Undue influence occurs when a person is pressured into acting other than by their own free will. The result of this may be that a person making a will (referred to as the testator) does not express their own last wishes in their will, but rather those of another person. The bar for proving a claim of undue influence is exceptionally high. For a challenge to a will to succeed on this basis, the person challenging the will must be able to prove that the influence exercised over the testator was such that it overpowered the testator’s discretion to make their own decisions and that there is no other explanation for the contents of their will.
The level of proof required in order to prove a claim of undue influence may be problematic, as the act of undue influence will often be a secretive one in nature. This has recently been highlighted by the Law Commission of England and Wales. The Law Commission is an independent body whose role it is to keep the law under review and recommend reforms when necessary. In July 2017, the Law Commission acknowledged the issues surrounding this area and published proposals for reforming the law of wills. A key concern addressed was whether the current law goes far enough to protect the vulnerable. As the UK expects dementia levels to rise to over 1 million by 2025, undue influence is an area of increasing concern. The Law Commission has proposed creating ‘a statutory doctrine of testamentary undue influence.’ It suggests two possible doctrines; structured or discretionary.
Under the structured approach, a presumption of undue influence would be raised if there is a relationship of influence between the testator and the recipient of a gift left in their will (such as a medical adviser or a carer) and the relevant gift creates concern. When deciding whether the gift is a cause for concern, the courts would consider the recipient’s conduct in relation to the testator’s decision and the relevant circumstances. Under the discretionary approach, the courts could presume undue influence simply if they are satisfied that it is just to do so.
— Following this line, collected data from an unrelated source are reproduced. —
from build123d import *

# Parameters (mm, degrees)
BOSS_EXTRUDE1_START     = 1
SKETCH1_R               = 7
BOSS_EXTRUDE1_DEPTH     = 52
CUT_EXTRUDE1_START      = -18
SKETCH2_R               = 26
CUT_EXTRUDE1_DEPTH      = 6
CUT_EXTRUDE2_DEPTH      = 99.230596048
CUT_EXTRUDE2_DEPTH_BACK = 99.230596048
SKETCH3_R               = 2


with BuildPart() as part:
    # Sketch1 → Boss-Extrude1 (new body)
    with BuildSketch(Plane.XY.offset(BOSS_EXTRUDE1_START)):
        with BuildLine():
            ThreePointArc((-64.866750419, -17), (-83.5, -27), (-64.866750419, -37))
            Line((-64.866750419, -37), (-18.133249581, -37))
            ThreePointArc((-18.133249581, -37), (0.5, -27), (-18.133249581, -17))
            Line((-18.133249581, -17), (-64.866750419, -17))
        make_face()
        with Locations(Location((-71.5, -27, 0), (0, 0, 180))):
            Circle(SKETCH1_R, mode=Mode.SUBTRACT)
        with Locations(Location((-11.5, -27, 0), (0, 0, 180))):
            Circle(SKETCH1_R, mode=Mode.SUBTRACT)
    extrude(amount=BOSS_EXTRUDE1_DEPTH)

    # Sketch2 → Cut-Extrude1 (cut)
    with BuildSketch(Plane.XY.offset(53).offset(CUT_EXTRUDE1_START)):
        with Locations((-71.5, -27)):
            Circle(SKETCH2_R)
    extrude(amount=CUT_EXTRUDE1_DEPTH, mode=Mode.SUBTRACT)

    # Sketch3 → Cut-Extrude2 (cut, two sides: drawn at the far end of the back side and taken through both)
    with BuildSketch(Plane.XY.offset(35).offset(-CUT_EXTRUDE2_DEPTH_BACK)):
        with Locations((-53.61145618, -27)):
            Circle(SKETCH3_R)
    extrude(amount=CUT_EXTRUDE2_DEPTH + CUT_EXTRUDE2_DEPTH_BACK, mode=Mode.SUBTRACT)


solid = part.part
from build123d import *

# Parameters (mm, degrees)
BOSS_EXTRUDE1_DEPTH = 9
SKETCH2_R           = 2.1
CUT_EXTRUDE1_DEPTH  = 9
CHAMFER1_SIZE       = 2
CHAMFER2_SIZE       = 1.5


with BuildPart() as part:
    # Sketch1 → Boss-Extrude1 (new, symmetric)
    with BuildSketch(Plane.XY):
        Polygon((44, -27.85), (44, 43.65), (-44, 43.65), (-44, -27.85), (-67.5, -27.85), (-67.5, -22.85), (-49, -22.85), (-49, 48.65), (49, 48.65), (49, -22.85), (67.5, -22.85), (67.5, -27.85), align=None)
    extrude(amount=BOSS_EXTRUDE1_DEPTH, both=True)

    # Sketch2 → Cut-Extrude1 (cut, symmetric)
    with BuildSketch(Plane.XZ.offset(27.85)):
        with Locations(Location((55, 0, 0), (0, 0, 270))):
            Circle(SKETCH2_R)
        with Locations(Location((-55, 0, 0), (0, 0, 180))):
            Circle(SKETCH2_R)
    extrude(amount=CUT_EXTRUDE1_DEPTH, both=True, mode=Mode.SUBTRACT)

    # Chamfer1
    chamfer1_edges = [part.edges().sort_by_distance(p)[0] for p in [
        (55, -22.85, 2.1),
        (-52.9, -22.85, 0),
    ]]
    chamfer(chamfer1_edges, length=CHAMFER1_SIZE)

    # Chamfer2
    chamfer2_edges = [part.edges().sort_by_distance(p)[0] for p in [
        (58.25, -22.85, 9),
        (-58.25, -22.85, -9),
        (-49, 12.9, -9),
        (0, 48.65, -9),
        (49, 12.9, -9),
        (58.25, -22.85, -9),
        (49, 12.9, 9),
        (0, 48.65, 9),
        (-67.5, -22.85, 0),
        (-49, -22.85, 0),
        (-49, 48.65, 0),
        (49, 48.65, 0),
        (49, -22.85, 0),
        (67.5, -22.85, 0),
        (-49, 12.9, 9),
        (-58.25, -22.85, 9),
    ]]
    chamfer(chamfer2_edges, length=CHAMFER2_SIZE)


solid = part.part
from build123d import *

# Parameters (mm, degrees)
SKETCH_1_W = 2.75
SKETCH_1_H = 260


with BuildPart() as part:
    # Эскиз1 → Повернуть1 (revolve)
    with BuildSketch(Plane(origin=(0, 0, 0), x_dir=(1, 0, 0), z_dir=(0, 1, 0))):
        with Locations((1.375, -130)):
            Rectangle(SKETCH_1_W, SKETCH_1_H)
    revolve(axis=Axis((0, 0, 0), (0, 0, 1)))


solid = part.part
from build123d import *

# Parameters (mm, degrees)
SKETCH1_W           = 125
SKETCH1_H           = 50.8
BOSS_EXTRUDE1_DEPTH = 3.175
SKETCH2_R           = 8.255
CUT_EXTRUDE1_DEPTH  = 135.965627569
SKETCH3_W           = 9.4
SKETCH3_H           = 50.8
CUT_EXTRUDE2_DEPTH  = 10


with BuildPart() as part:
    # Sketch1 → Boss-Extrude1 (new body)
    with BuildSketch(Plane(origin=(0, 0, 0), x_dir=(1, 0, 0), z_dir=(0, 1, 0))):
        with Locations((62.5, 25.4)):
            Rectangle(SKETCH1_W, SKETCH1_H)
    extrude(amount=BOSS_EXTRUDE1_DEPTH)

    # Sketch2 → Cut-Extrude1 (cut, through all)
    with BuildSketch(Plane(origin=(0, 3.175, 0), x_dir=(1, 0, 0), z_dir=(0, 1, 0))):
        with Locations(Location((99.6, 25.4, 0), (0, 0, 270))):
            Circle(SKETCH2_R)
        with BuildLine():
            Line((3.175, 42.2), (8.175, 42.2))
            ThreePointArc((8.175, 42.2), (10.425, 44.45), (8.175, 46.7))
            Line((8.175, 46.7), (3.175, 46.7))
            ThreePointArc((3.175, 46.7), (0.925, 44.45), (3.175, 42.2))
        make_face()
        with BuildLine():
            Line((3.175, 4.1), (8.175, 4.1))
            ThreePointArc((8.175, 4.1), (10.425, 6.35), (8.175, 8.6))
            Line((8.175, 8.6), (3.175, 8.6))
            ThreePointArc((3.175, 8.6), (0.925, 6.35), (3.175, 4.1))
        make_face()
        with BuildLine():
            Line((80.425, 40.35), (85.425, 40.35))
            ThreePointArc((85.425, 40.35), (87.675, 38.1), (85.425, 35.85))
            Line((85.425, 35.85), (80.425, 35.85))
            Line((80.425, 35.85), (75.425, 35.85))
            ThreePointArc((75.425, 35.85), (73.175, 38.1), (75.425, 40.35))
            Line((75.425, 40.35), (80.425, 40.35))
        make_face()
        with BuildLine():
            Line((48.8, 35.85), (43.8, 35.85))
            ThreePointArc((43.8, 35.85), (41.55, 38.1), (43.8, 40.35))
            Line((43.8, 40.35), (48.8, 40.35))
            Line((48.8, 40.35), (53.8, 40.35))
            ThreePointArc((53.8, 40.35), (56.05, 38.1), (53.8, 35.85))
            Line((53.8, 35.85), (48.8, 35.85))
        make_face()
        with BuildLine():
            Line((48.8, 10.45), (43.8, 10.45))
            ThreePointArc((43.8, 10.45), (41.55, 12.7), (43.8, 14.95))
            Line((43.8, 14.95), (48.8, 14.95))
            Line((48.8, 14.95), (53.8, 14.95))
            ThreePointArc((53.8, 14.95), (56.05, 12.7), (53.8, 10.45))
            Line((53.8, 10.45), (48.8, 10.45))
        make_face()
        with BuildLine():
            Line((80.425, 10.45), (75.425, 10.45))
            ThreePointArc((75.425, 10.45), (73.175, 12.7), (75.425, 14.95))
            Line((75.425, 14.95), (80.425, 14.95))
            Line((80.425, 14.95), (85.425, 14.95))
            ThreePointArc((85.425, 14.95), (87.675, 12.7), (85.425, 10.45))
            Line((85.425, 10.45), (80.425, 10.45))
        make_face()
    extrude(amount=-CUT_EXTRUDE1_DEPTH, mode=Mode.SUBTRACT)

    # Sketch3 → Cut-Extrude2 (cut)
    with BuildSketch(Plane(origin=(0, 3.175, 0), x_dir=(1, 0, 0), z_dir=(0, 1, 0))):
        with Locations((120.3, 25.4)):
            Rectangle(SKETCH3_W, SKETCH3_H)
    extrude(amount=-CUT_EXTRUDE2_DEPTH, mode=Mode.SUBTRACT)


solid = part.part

They would still consider the above criteria, but this approach has much more flexibility.
The Law Commission now faces the decision as to whether the burden of proof should remain high and deter many cases from being brought, or whether it should be lowered to protect the vulnerable but risk superfluous cases reaching the courts. It seems clear that the priority should be to ensure that the law does all it can to protect those in a vulnerable position and ensure their last wishes are their own. Any issues that stem from lowering the burden of proof should be secondary to the protection of the vulnerable. The consultation closed on 10 November 2017 and responses are now being analysed, so it will soon be seen whether the Law Commission is in agreement with this view.